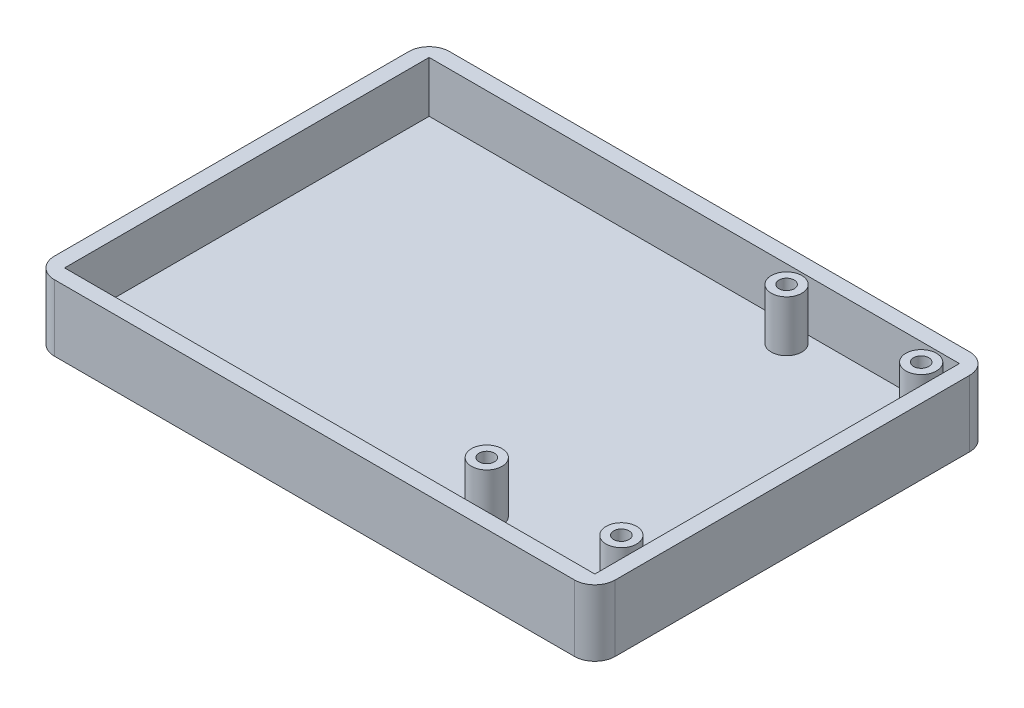
ISO-10303-21;
HEADER;
FILE_DESCRIPTION(('STEP AP214'),'2;1');
FILE_NAME('part.step','',(''),(''),'','','');
FILE_SCHEMA(('AUTOMOTIVE_DESIGN { 1 0 10303 214 1 1 1 1 }'));
ENDSEC;
DATA;
#1=APPLICATION_CONTEXT('core data for automotive mechanical design processes');
#2=APPLICATION_PROTOCOL_DEFINITION('international standard','automotive_design',2000,#1);
#3=PRODUCT_CONTEXT('',#1,'mechanical');
#4=PRODUCT('Part','Part','',(#3));
#5=PRODUCT_RELATED_PRODUCT_CATEGORY('part','',(#4));
#6=PRODUCT_DEFINITION_FORMATION('','',#4);
#7=PRODUCT_DEFINITION_CONTEXT('part definition',#1,'design');
#8=PRODUCT_DEFINITION('design','',#6,#7);
#9=PRODUCT_DEFINITION_SHAPE('','',#8);
#10=(LENGTH_UNIT() NAMED_UNIT(*) SI_UNIT(.MILLI.,.METRE.));
#11=(NAMED_UNIT(*) PLANE_ANGLE_UNIT() SI_UNIT($,.RADIAN.));
#12=(NAMED_UNIT(*) SI_UNIT($,.STERADIAN.) SOLID_ANGLE_UNIT());
#13=UNCERTAINTY_MEASURE_WITH_UNIT(LENGTH_MEASURE(1.E-05),#10,'distance_accuracy_value','');
#14=(GEOMETRIC_REPRESENTATION_CONTEXT(3) GLOBAL_UNCERTAINTY_ASSIGNED_CONTEXT((#13)) GLOBAL_UNIT_ASSIGNED_CONTEXT((#10,
#11,#12)) REPRESENTATION_CONTEXT('',''));
#15=CARTESIAN_POINT('',(0.,0.,0.));
#16=DIRECTION('',(0.,0.,1.));
#17=DIRECTION('',(1.,0.,0.));
#18=AXIS2_PLACEMENT_3D('',#15,#16,#17);
#19=CARTESIAN_POINT('',(103.,10.,-71.));
#20=DIRECTION('',(0.,-1.,0.));
#21=DIRECTION('',(0.,0.,-1.));
#22=AXIS2_PLACEMENT_3D('',#19,#20,#21);
#23=CYLINDRICAL_SURFACE('',#22,3.00000000000001);
#24=CARTESIAN_POINT('',(103.,10.,-71.));
#25=DIRECTION('',(0.,1.,0.));
#26=DIRECTION('',(0.,0.,1.));
#27=AXIS2_PLACEMENT_3D('',#24,#25,#26);
#28=CIRCLE('',#27,3.00000000000001);
#29=CARTESIAN_POINT('',(103.,10.,-68.));
#30=VERTEX_POINT('',#29);
#31=EDGE_CURVE('E121',#30,#30,#28,.T.);
#32=ORIENTED_EDGE('',*,*,#31,.F.);
#33=EDGE_LOOP('',(#32));
#34=FACE_BOUND('',#33,.T.);
#35=CARTESIAN_POINT('',(103.,0.,-71.));
#36=DIRECTION('',(0.,1.,0.));
#37=DIRECTION('',(0.,0.,1.));
#38=AXIS2_PLACEMENT_3D('',#35,#36,#37);
#39=CIRCLE('',#38,3.00000000000001);
#40=CARTESIAN_POINT('',(103.,0.,-68.));
#41=VERTEX_POINT('',#40);
#42=EDGE_CURVE('E127',#41,#41,#39,.T.);
#43=ORIENTED_EDGE('',*,*,#42,.T.);
#44=EDGE_LOOP('',(#43));
#45=FACE_BOUND('',#44,.T.);
#46=ADVANCED_FACE('F114',(#34,#45),#23,.T.);
#47=CARTESIAN_POINT('',(103.,10.,-71.));
#48=DIRECTION('',(0.,-1.,0.));
#49=DIRECTION('',(0.,0.,-1.));
#50=AXIS2_PLACEMENT_3D('',#47,#48,#49);
#51=CYLINDRICAL_SURFACE('',#50,1.5);
#52=CARTESIAN_POINT('',(103.,10.,-71.));
#53=DIRECTION('',(0.,1.,0.));
#54=DIRECTION('',(0.,0.,1.));
#55=AXIS2_PLACEMENT_3D('',#52,#53,#54);
#56=CIRCLE('',#55,1.5);
#57=CARTESIAN_POINT('',(103.,10.,-69.5));
#58=VERTEX_POINT('',#57);
#59=EDGE_CURVE('E12',#58,#58,#56,.T.);
#60=ORIENTED_EDGE('',*,*,#59,.T.);
#61=EDGE_LOOP('',(#60));
#62=FACE_BOUND('',#61,.T.);
#63=CARTESIAN_POINT('',(103.,0.,-71.));
#64=DIRECTION('',(0.,1.,0.));
#65=DIRECTION('',(0.,0.,1.));
#66=AXIS2_PLACEMENT_3D('',#63,#64,#65);
#67=CIRCLE('',#66,1.5);
#68=CARTESIAN_POINT('',(103.,0.,-69.5));
#69=VERTEX_POINT('',#68);
#70=EDGE_CURVE('E117',#69,#69,#67,.T.);
#71=ORIENTED_EDGE('',*,*,#70,.F.);
#72=EDGE_LOOP('',(#71));
#73=FACE_BOUND('',#72,.T.);
#74=ADVANCED_FACE('F136',(#62,#73),#51,.F.);
#75=CARTESIAN_POINT('',(0.,10.,0.));
#76=DIRECTION('',(0.,1.,0.));
#77=DIRECTION('',(0.,0.,1.));
#78=AXIS2_PLACEMENT_3D('',#75,#76,#77);
#79=PLANE('',#78);
#80=ORIENTED_EDGE('',*,*,#31,.T.);
#81=EDGE_LOOP('',(#80));
#82=FACE_BOUND('',#81,.T.);
#83=ORIENTED_EDGE('',*,*,#59,.F.);
#84=EDGE_LOOP('',(#83));
#85=FACE_BOUND('',#84,.T.);
#86=ADVANCED_FACE('F138',(#82,#85),#79,.T.);
#87=CARTESIAN_POINT('',(0.,0.,0.));
#88=DIRECTION('',(0.,1.,0.));
#89=DIRECTION('',(0.,0.,1.));
#90=AXIS2_PLACEMENT_3D('',#87,#88,#89);
#91=PLANE('',#90);
#92=ORIENTED_EDGE('',*,*,#42,.F.);
#93=EDGE_LOOP('',(#92));
#94=FACE_BOUND('',#93,.T.);
#95=ORIENTED_EDGE('',*,*,#70,.T.);
#96=EDGE_LOOP('',(#95));
#97=FACE_BOUND('',#96,.T.);
#98=ADVANCED_FACE('F134',(#94,#97),#91,.F.);
#99=CLOSED_SHELL('',(#46,#74,#86,#98));
#100=MANIFOLD_SOLID_BREP('B2',#99);
#101=CARTESIAN_POINT('',(76.6,10.,-71.));
#102=DIRECTION('',(0.,-1.,0.));
#103=DIRECTION('',(0.,0.,-1.));
#104=AXIS2_PLACEMENT_3D('',#101,#102,#103);
#105=CYLINDRICAL_SURFACE('',#104,1.5);
#106=CARTESIAN_POINT('',(76.6,10.,-71.));
#107=DIRECTION('',(0.,1.,0.));
#108=DIRECTION('',(0.,0.,1.));
#109=AXIS2_PLACEMENT_3D('',#106,#107,#108);
#110=CIRCLE('',#109,1.5);
#111=CARTESIAN_POINT('',(76.6,10.,-69.5));
#112=VERTEX_POINT('',#111);
#113=EDGE_CURVE('E191',#112,#112,#110,.T.);
#114=ORIENTED_EDGE('',*,*,#113,.T.);
#115=EDGE_LOOP('',(#114));
#116=FACE_BOUND('',#115,.T.);
#117=CARTESIAN_POINT('',(76.6,0.,-71.));
#118=DIRECTION('',(0.,1.,0.));
#119=DIRECTION('',(0.,0.,1.));
#120=AXIS2_PLACEMENT_3D('',#117,#118,#119);
#121=CIRCLE('',#120,1.5);
#122=CARTESIAN_POINT('',(76.6,0.,-69.5));
#123=VERTEX_POINT('',#122);
#124=EDGE_CURVE('E197',#123,#123,#121,.T.);
#125=ORIENTED_EDGE('',*,*,#124,.F.);
#126=EDGE_LOOP('',(#125));
#127=FACE_BOUND('',#126,.T.);
#128=ADVANCED_FACE('F184',(#116,#127),#105,.F.);
#129=CARTESIAN_POINT('',(76.6,10.,-71.));
#130=DIRECTION('',(0.,-1.,0.));
#131=DIRECTION('',(0.,0.,-1.));
#132=AXIS2_PLACEMENT_3D('',#129,#130,#131);
#133=CYLINDRICAL_SURFACE('',#132,3.00000000000001);
#134=CARTESIAN_POINT('',(76.6,10.,-71.));
#135=DIRECTION('',(0.,1.,0.));
#136=DIRECTION('',(0.,0.,1.));
#137=AXIS2_PLACEMENT_3D('',#134,#135,#136);
#138=CIRCLE('',#137,3.00000000000001);
#139=CARTESIAN_POINT('',(76.6,10.,-68.));
#140=VERTEX_POINT('',#139);
#141=EDGE_CURVE('E113',#140,#140,#138,.T.);
#142=ORIENTED_EDGE('',*,*,#141,.F.);
#143=EDGE_LOOP('',(#142));
#144=FACE_BOUND('',#143,.T.);
#145=CARTESIAN_POINT('',(76.6,0.,-71.));
#146=DIRECTION('',(0.,1.,0.));
#147=DIRECTION('',(0.,0.,1.));
#148=AXIS2_PLACEMENT_3D('',#145,#146,#147);
#149=CIRCLE('',#148,3.00000000000001);
#150=CARTESIAN_POINT('',(76.6,0.,-68.));
#151=VERTEX_POINT('',#150);
#152=EDGE_CURVE('E187',#151,#151,#149,.T.);
#153=ORIENTED_EDGE('',*,*,#152,.T.);
#154=EDGE_LOOP('',(#153));
#155=FACE_BOUND('',#154,.T.);
#156=ADVANCED_FACE('F204',(#144,#155),#133,.T.);
#157=CARTESIAN_POINT('',(0.,10.,0.));
#158=DIRECTION('',(0.,1.,0.));
#159=DIRECTION('',(0.,0.,1.));
#160=AXIS2_PLACEMENT_3D('',#157,#158,#159);
#161=PLANE('',#160);
#162=ORIENTED_EDGE('',*,*,#113,.F.);
#163=EDGE_LOOP('',(#162));
#164=FACE_BOUND('',#163,.T.);
#165=ORIENTED_EDGE('',*,*,#141,.T.);
#166=EDGE_LOOP('',(#165));
#167=FACE_BOUND('',#166,.T.);
#168=ADVANCED_FACE('F208',(#164,#167),#161,.T.);
#169=CARTESIAN_POINT('',(0.,0.,0.));
#170=DIRECTION('',(0.,1.,0.));
#171=DIRECTION('',(0.,0.,1.));
#172=AXIS2_PLACEMENT_3D('',#169,#170,#171);
#173=PLANE('',#172);
#174=ORIENTED_EDGE('',*,*,#124,.T.);
#175=EDGE_LOOP('',(#174));
#176=FACE_BOUND('',#175,.T.);
#177=ORIENTED_EDGE('',*,*,#152,.F.);
#178=EDGE_LOOP('',(#177));
#179=FACE_BOUND('',#178,.T.);
#180=ADVANCED_FACE('F206',(#176,#179),#173,.F.);
#181=CLOSED_SHELL('',(#128,#156,#168,#180));
#182=MANIFOLD_SOLID_BREP('B7',#181);
#183=CARTESIAN_POINT('',(76.6,10.,-12.2));
#184=DIRECTION('',(0.,-1.,0.));
#185=DIRECTION('',(0.,0.,-1.));
#186=AXIS2_PLACEMENT_3D('',#183,#184,#185);
#187=CYLINDRICAL_SURFACE('',#186,1.5);
#188=CARTESIAN_POINT('',(76.6,10.,-12.2));
#189=DIRECTION('',(0.,1.,0.));
#190=DIRECTION('',(0.,0.,1.));
#191=AXIS2_PLACEMENT_3D('',#188,#189,#190);
#192=CIRCLE('',#191,1.5);
#193=CARTESIAN_POINT('',(76.6,10.,-10.7));
#194=VERTEX_POINT('',#193);
#195=EDGE_CURVE('E261',#194,#194,#192,.T.);
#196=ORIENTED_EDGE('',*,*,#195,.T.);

=== Try it ===
Above are some lines. Repeat exactly, and only, those from the line that has "#27=AXIS2_PLACEMENT_3D('',#24,#25,#26);" through the line that has "#38=AXIS2_PLACEMENT_3D('',#35,#36,#37);".

=== Completed exercise ===
#27=AXIS2_PLACEMENT_3D('',#24,#25,#26);
#28=CIRCLE('',#27,3.00000000000001);
#29=CARTESIAN_POINT('',(103.,10.,-68.));
#30=VERTEX_POINT('',#29);
#31=EDGE_CURVE('E121',#30,#30,#28,.T.);
#32=ORIENTED_EDGE('',*,*,#31,.F.);
#33=EDGE_LOOP('',(#32));
#34=FACE_BOUND('',#33,.T.);
#35=CARTESIAN_POINT('',(103.,0.,-71.));
#36=DIRECTION('',(0.,1.,0.));
#37=DIRECTION('',(0.,0.,1.));
#38=AXIS2_PLACEMENT_3D('',#35,#36,#37);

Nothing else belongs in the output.